## WHAT YOU NEED TO DO:
Where a line of the following data contains the string "against", include it in the tally. Report the total alone.

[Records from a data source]

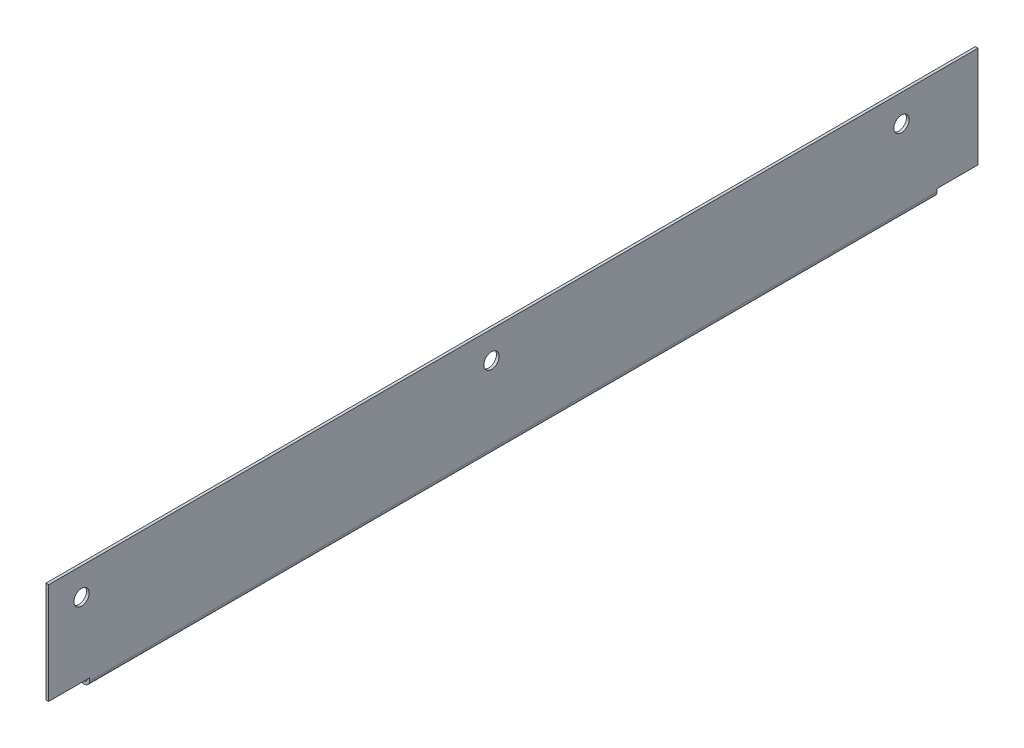
SolidWorks part; units mm, degrees
ref_plane "Спереди" through (0, 0, 0) normal (0, 0, 1) x (1, 0, 0)
ref_plane "Сверху" through (0, 0, 0) normal (0, 1, 0) x (1, 0, 0)
ref_plane "Справа" through (0, 0, 0) normal (1, 0, 0) x (0, 0, -1)
sketch "Эскиз1" plane through (0, 0, 0) normal (0, 0, 1) x (1, 0, 0)
  line L0 (0, 0) -> (0, 42.8354) construction
  line L1 (0, 0) -> (34, 0) construction
  line L2 (-2, 0) -> (-15, 0)
  line L3 (0, 2) -> (0, 40)
  line L4 (-2, 1) -> (-15, 1)
  line L5 (-1, 2) -> (-1, 40)
  line L6 (-1, 40) -> (0, 40)
  line L7 (-15, 1) -> (-15, 0)
  line L8 (-1, 1) -> (-15, 1) construction
  line L9 (-1, 1) -> (-1, 40) construction
  line L10 (0, 0) -> (0, 40) construction
  line L11 (0, 0) -> (-15, 0) construction
  arc A0 (-2, 1) -> (-1, 2) centre (-2, 2) ccw
  arc A1 (0, 2) -> (-2, 0) centre (-2, 2) cw
  dimension "D1" = 40
  dimension "D4" = 1
  dimension "D5" = 2
  dimension "D2" = 15
  dimension "D3" = 1
extrude "Вытянуть1" add sketch "Эскиз1" against normal blind 340
sketch "Эскиз2" plane through (0, 0, 0) normal (1, 0, 0) x (0, 0, -1)
  line L0 (-10.0095, 30) -> (347.9915, 30) construction
  line L3 (340, 0) -> (0, 0) construction
  line L4 (340, 2) -> (340, 40) construction
  circle A0 centre (12, 30) radius 2.8
  circle A1 centre (162, 30) radius 2.8
  circle A2 centre (312, 30) radius 2.8
  dimension "D2" = 28
  dimension "D3" = 150
  dimension "D4" = 150
  dimension "D5" = 5.6
  dimension "D1" = 30
extrude "Вырез-Вытянуть1" cut sketch "Эскиз2" against normal blind 340
sketch "Эскиз3" plane through (0, 0, 0) normal (0, -1, 0) x (1, 0, 0)
  line L0 (-9, 0) -> (-9, 64.9266) construction
  line L3 (-15, -340) -> (-15, 0) construction
  line L5 (-15, 0) -> (-2, 0) construction
  circle A0 centre (-9, -240) radius 2.15
  circle A1 centre (-9, -170) radius 2.15
  circle A2 centre (-9, -100) radius 2.15
  circle A3 centre (-9, -30) radius 2.15
  dimension "D2" = 30
  dimension "D3" = 4.3
  dimension "D4" = 210
  dimension "D5" = 70
  dimension "D6" = 70
  dimension "D1" = 6
extrude "Вырез-Вытянуть2" cut sketch "Эскиз3" against normal blind 340
sketch "Эскиз4" plane through (0, 0, 0) normal (0, -1, 0) x (1, 0, 0)
  line L1 (-12.3496, 325) -> (25.2737, 325)
  line L2 (-12.3496, 325) -> (-12.3496, 345.6559)
  line L3 (-12.3496, 345.6559) -> (25.2737, 345.6559)
  line L4 (25.2737, 325) -> (25.2737, 345.6559)
  line L5 (-15, 0) -> (-2, 0) construction
  line L6 (-17.2738, 0) -> (25.2737, 0)
  line L7 (-17.2738, 0) -> (-17.2738, -15)
  line L8 (-17.2738, -15) -> (25.2737, -15)
  line L9 (25.2737, 0) -> (25.2737, -15)
  line L11 (-15, -340) -> (19.5096, -340)
  line L12 (-15, -340) -> (-15, -325)
  line L13 (-15, -325) -> (19.5096, -325)
  line L14 (19.5096, -340) -> (19.5096, -325)
  dimension "D2" = 15
  dimension "D3" = 15
extrude "Вырез-Вытянуть3" cut sketch "Эскиз4" against normal blind 3

## REPLY:
4